Wiggins’s eyes were big as saucers. “What saved her?”

“She’s a strong woman, is Miss Gentry. When she saw that coach-and-four bearin’ down on her, she gave one almightly leap onto the pavement. Landed on her knees and scraped ’em real bad she did, but she was safe. The carriage kept on goin’ down the Brompton Road.”

“Could it have been an accident?” Mrs. Jeffries inquired. Before they got their hopes up, she wanted to be absolutely sure there really was something to investigate.

“At first we thought that’s exactly what it was,” Martha said earnestly. “You don’t expect to get knocked about when you’re walkin’ in Kensington in broad daylight, do you? But when the other things started happening, that’s when Miss Gentry got to thinking that the coach accident was no accident, if you get my meaning.”

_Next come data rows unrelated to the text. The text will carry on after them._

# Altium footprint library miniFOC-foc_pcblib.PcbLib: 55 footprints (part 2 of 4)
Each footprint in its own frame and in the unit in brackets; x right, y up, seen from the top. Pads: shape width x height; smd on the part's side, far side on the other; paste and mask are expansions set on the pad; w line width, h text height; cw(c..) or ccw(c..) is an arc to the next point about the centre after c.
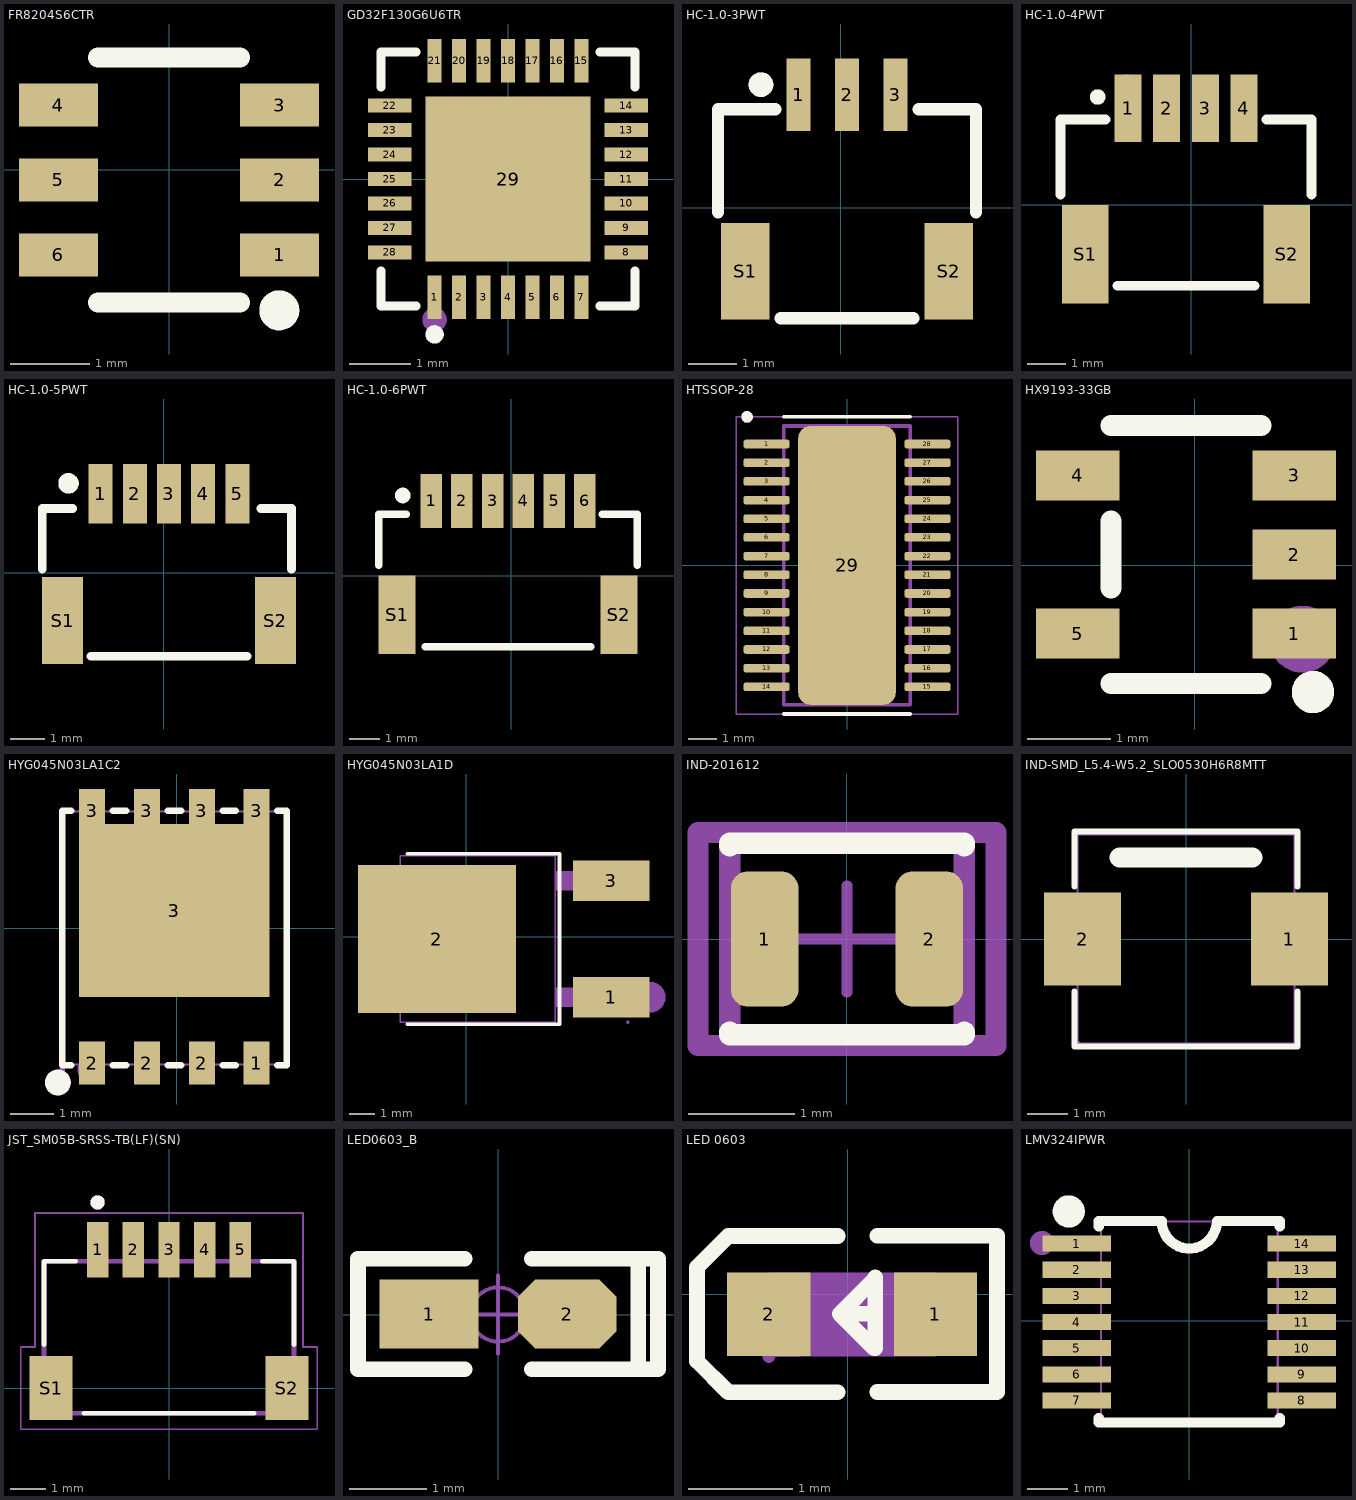
[diagram p1: the footprints below, top view; thin cyan lines are the x and y axes]

## FR8204S6CTR [mm] "SOT-23-6, DC/DC Buck"
pads (6):
  rect 1x0.55 smd: 1(1.395,-1.077) 2(1.395,-0.127) 3(1.395,0.823) 4(-1.405,0.823) 5(-1.405,-0.127) 6(-1.405,-1.077)
Top Overlay:
  circle w0.254: c1.392,-1.778 r0.127
  lines w0.254: -0.905,-1.677 0.895,-1.677 ; -0.905,1.423 0.895,1.423
Mechanical 15:
  circle w0.2: c1.395,-1.077 r0.1
3D body "SOT-23-6.STEP": height 1, standoff 0, extent -1.212,-1.609 1.175,1.291

## GD32F130G6U6TR [mil] "QFN 28 pin,s ARM Cortex-M3 RISC MCU"
pads (29):
  rect 8.82x28 smd: 1(-47.24,-76.1) 2(-31.5,-76.1) 3(-15.75,-76.1) 4(0,-76.1) 5(15.75,-76.1) 6(31.5,-76.1) 7(47.24,-76.1) 15(47.24,76.1) 16(31.5,76.1) 17(15.75,76.1) 18(0,76.1) 19(-15.75,76.1) 20(-31.5,76.1) 21(-47.24,76.1)
  rect 28x8.82 smd: 8(76.1,-47.24) 9(76.1,-31.5) 10(76.1,-15.75) 11(76.1,0) 12(76.1,15.75) 13(76.1,31.5) 14(76.1,47.24) 22(-76.1,47.24) 23(-76.1,31.5) 24(-76.1,15.75) 25(-76.1,0) 26(-76.1,-15.75) 27(-76.1,-31.5) 28(-76.1,-47.24)
  rect 106.3x106.3 smd: 29(0,0)
Top Overlay:
  circle w5.91: c-47.24,-100 r2.95
  lines w6: -81.74,-59.15 -81.74,-81.74 -59.15,-81.74 ; -81.74,59.15 -81.74,81.74 -59.15,81.74 ; 59.15,-81.74 81.74,-81.74 81.74,-59.15 ; 59.15,81.74 81.74,81.74 81.74,59.15
Mechanical 15:
  circle w7.87: c-47.24,-90.55 r3.94
3D body "QFN-28 (4x4x0.9).step": height 36.22, standoff 0, extent -78.43,-78.48 79.05,79

## HC-1.0-3PWT [mm] "HC-1.0-3PWT SMD,P=1mm"
pads (5):
  rect 0.5x1.5 smd: 1(-0.873,2.333) 2(0.127,2.333) 3(1.127,2.333)
  rect 1x2 smd: S1(-1.973,-1.317) S2(2.227,-1.317)
Top Overlay:
  circle w0.254: c-1.651,2.54 r0.127
  lines w0.254: -2.54,-0.096 -2.54,2.032 -1.354,2.032 ; -1.242,-2.286 1.496,-2.286 ; 1.608,2.032 2.794,2.032 2.794,-0.096
Mechanical 15:
  circle w0.254: c-1.651,2.54 r0.127
3D body "SM03B-SRSS-TB(LF)(SN)--3DModel-STEP-56544.STEP": height 3.25, standoff 0.3, extent -2.373,-2.244 2.627,2.706

## HC-1.0-4PWT [mm] "HC-1.0-4PWT SMD,P=1mm"
pads (6):
  rect 0.7x1.75 smd: 1(-1.642,2.502) 2(-0.642,2.502) 3(0.358,2.502) 4(1.358,2.502)
  rect 1.2x2.55 smd: S1(-2.752,-1.287) S2(2.468,-1.287)
Top Overlay:
  circle w0.2: c-2.428,2.791 r0.1
  lines w0.254: -3.392,0.264 -3.392,2.207 -2.223,2.207 -2.853,2.207 ; -1.921,-2.098 1.637,-2.098 ; 1.939,2.207 3.108,2.207 3.108,0.264
Mechanical 15:
  circle w0.2: c-1.666,3.172 r0.1
3D body "SM04B-SRSS-TB(LF)(SN)--3DModel-STEP-56544.STEP": height 3.25, standoff 0.3, extent -3.127,-2.498 2.873,2.452

## HC-1.0-5PWT [mm] "HC-1.0-5PWT SMD,P=1mm"
pads (7):
  rect 0.7x1.75 smd: 1(-1.849,2.318) 2(-0.849,2.318) 3(0.151,2.318) 4(1.151,2.318) 5(2.151,2.318)
  rect 1.2x2.55 smd: S1(-2.959,-1.392) S2(3.261,-1.392)
Top Overlay:
  circle w0.3: c-2.786,2.622 r0.15
  lines w0.254: -3.556,0.114 -3.556,1.886 -2.667,1.886 ; -2.127,-2.432 2.43,-2.432 ; 2.842,1.886 3.731,1.886 3.731,0.114
3D body "step_temp.STEP": height 2.95, standoff 0, extent -3.373,-2.528 3.627,2.422

## HC-1.0-6PWT [mm] "HC-1.0-6PWT SMD,P=1mm"
pads (8):
  rect 0.7x1.75 smd: 1(-2.611,2.445) 2(-1.611,2.445) 3(-0.611,2.445) 4(0.389,2.445) 5(1.389,2.445) 6(2.389,2.445)
  rect 1.2x2.55 smd: S1(-3.721,-1.265) S2(3.499,-1.265)
Top Overlay:
  circle w0.254: c-3.54,2.622 r0.127
  lines w0.254: -4.318,0.362 -4.318,2.013 -3.429,2.013 ; -2.794,-2.305 2.572,-2.305 ; 2.97,2.013 4.096,2.013 4.096,0.362
Mechanical 15:
  circle w0.254: c-2.651,2.368 r0.127
3D body "SM06B-SRSS-TB-LF--SN---3DModel-STEP-56544.STEP": height 2.95, standoff 0, extent -4.123,-2.183 3.877,2.766

## HTSSOP-28 [mm]
height 4.3
pads (29):
  rrect50% 1.6x0.3 smd paste-2 mask+0: 1(-2.8,4.225) 2(-2.8,3.575) 3(-2.8,2.925) 4(-2.8,2.275) 5(-2.8,1.625) 6(-2.8,0.975) 7(-2.8,0.325) 8(-2.8,-0.325) 9(-2.8,-0.975) 10(-2.8,-1.625) 11(-2.8,-2.275) 12(-2.8,-2.925) 13(-2.8,-3.575) 14(-2.8,-4.225) 15(2.8,-4.225) 16(2.8,-3.575) 17(2.8,-2.925) 18(2.8,-2.275) 19(2.8,-1.625) 20(2.8,-0.975) 21(2.8,-0.325) 22(2.8,0.325) 23(2.8,0.975) 24(2.8,1.625) 25(2.8,2.275) 26(2.8,2.925) 27(2.8,3.575) 28(2.8,4.225)
  rrect25% 3.4x9.7 smd paste-6 mask+0: 29(0,0)
Top Overlay:
  circle w0.2: c-3.478,5.17 r0.1
  lines w0.127: -2.2,-5.17 2.2,-5.17 ; -2.2,5.17 2.2,5.17
Top Paste:
  region: 1.2,-3.23 -1.2,-3.23 -1.2,3.23 1.2,3.23
  region: -2.025,4.1 -3.575,4.1 -3.575,4.35 -2.025,4.35
  region: 3.575,4.1 2.025,4.1 2.025,4.35 3.575,4.35
  region: -2.025,3.45 -3.575,3.45 -3.575,3.7 -2.025,3.7
  region: 3.575,3.45 2.025,3.45 2.025,3.7 3.575,3.7
  region: -2.025,2.8 -3.575,2.8 -3.575,3.05 -2.025,3.05
  region: 3.575,2.8 2.025,2.8 2.025,3.05 3.575,3.05
  region: -2.025,2.15 -3.575,2.15 -3.575,2.4 -2.025,2.4
  region: 3.575,2.15 2.025,2.15 2.025,2.4 3.575,2.4
  region: -2.025,1.5 -3.575,1.5 -3.575,1.75 -2.025,1.75
  region: 3.575,1.5 2.025,1.5 2.025,1.75 3.575,1.75
  region: -2.025,0.85 -3.575,0.85 -3.575,1.1 -2.025,1.1
  region: 3.575,0.85 2.025,0.85 2.025,1.1 3.575,1.1
  region: -2.025,0.2 -3.575,0.2 -3.575,0.45 -2.025,0.45
  region: 3.575,0.2 2.025,0.2 2.025,0.45 3.575,0.45
  region: -2.025,-0.45 -3.575,-0.45 -3.575,-0.2 -2.025,-0.2
  region: -2.025,-1.1 -3.575,-1.1 -3.575,-0.85 -2.025,-0.85
  region: -2.025,-1.75 -3.575,-1.75 -3.575,-1.5 -2.025,-1.5
  region: -2.025,-2.4 -3.575,-2.4 -3.575,-2.15 -2.025,-2.15
  region: -2.025,-3.05 -3.575,-3.05 -3.575,-2.8 -2.025,-2.8
  region: -2.025,-3.7 -3.575,-3.7 -3.575,-3.45 -2.025,-3.45
  region: -2.025,-4.35 -3.575,-4.35 -3.575,-4.1 -2.025,-4.1
  region: 3.575,-0.45 2.025,-0.45 2.025,-0.2 3.575,-0.2
  region: 3.575,-1.1 2.025,-1.1 2.025,-0.85 3.575,-0.85
  region: 3.575,-1.75 2.025,-1.75 2.025,-1.5 3.575,-1.5
  region: 3.575,-2.4 2.025,-2.4 2.025,-2.15 3.575,-2.15
  region: 3.575,-3.05 2.025,-3.05 2.025,-2.8 3.575,-2.8
  region: 3.575,-3.7 2.025,-3.7 2.025,-3.45 3.575,-3.45
  region: 3.575,-4.35 2.025,-4.35 2.025,-4.1 3.575,-4.1
Top Solder:
  region: 1.2,-3.23 -1.2,-3.23 -1.2,3.23 1.2,3.23
  region: -1.93,4.005 -3.67,4.005 -3.67,4.445 -1.93,4.445
  region: 3.67,4.005 1.93,4.005 1.93,4.445 3.67,4.445
  region: -1.93,3.355 -3.67,3.355 -3.67,3.795 -1.93,3.795
  region: 3.67,3.355 1.93,3.355 1.93,3.795 3.67,3.795
  region: -1.93,2.705 -3.67,2.705 -3.67,3.145 -1.93,3.145
  region: 3.67,2.705 1.93,2.705 1.93,3.145 3.67,3.145
  region: -1.93,2.055 -3.67,2.055 -3.67,2.495 -1.93,2.495
  region: 3.67,2.055 1.93,2.055 1.93,2.495 3.67,2.495
  region: -1.93,1.405 -3.67,1.405 -3.67,1.845 -1.93,1.845
  region: 3.67,1.405 1.93,1.405 1.93,1.845 3.67,1.845
  region: -1.93,0.755 -3.67,0.755 -3.67,1.195 -1.93,1.195
  region: 3.67,0.755 1.93,0.755 1.93,1.195 3.67,1.195
  region: -1.93,0.105 -3.67,0.105 -3.67,0.545 -1.93,0.545
  region: 3.67,0.105 1.93,0.105 1.93,0.545 3.67,0.545
  region: -1.93,-0.545 -3.67,-0.545 -3.67,-0.105 -1.93,-0.105
  region: -1.93,-1.195 -3.67,-1.195 -3.67,-0.755 -1.93,-0.755
  region: -1.93,-1.845 -3.67,-1.845 -3.67,-1.405 -1.93,-1.405
  region: -1.93,-2.495 -3.67,-2.495 -3.67,-2.055 -1.93,-2.055
  region: -1.93,-3.145 -3.67,-3.145 -3.67,-2.705 -1.93,-2.705
  region: -1.93,-3.795 -3.67,-3.795 -3.67,-3.355 -1.93,-3.355
  region: -1.93,-4.445 -3.67,-4.445 -3.67,-4.005 -1.93,-4.005
  region: 3.67,-0.545 1.93,-0.545 1.93,-0.105 3.67,-0.105
  region: 3.67,-1.195 1.93,-1.195 1.93,-0.755 3.67,-0.755
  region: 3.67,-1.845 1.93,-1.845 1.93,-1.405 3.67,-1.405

“Tell us about the other things.” Betsy picked up her own cup and took a quick sip.

“A day or so after she was almost run down, a bunch of bricks come tumbling off the top of the garden wall right onto the spot where Miss Gentry was sittin’. Her head would’ve been crushed exceptin’ for the fact that not two seconds before it happened, she dropped her
spoon under the table and bent down to pick it up. It was the table that kept her from bein’ coshed. As it was, she got her arm bruised pretty badly.”

“Did anyone see who did it?” Smythe asked.

“No, more’s the pity,” Martha said. “It’s a ten-foot wall, and by the time we’d rounded up the lad from next door to skivvy over and see what was what, there was no one there. But there was a ladder lying on the ground close by.”

“That’s a rather peculiar way to try and kill someone,” Mrs. Jeffries mused. “How could the assailant know that Miss Gentry would be sitting in the, well…right spot?”

“It’s where she always sat for tea,” Martha exclaimed. “If the sun was shinin’, she had tea there every day. Besides, it weren’t one brick that come tumbling down, it were a whole lot of ’em. That’s how come Miss Gentry got her arm bruised. When she realized what was happening she squeezed under the table, but she weren’t quick enough to get her whole body under it.”

“Maybe the mortar just come loose,” Wiggins suggested.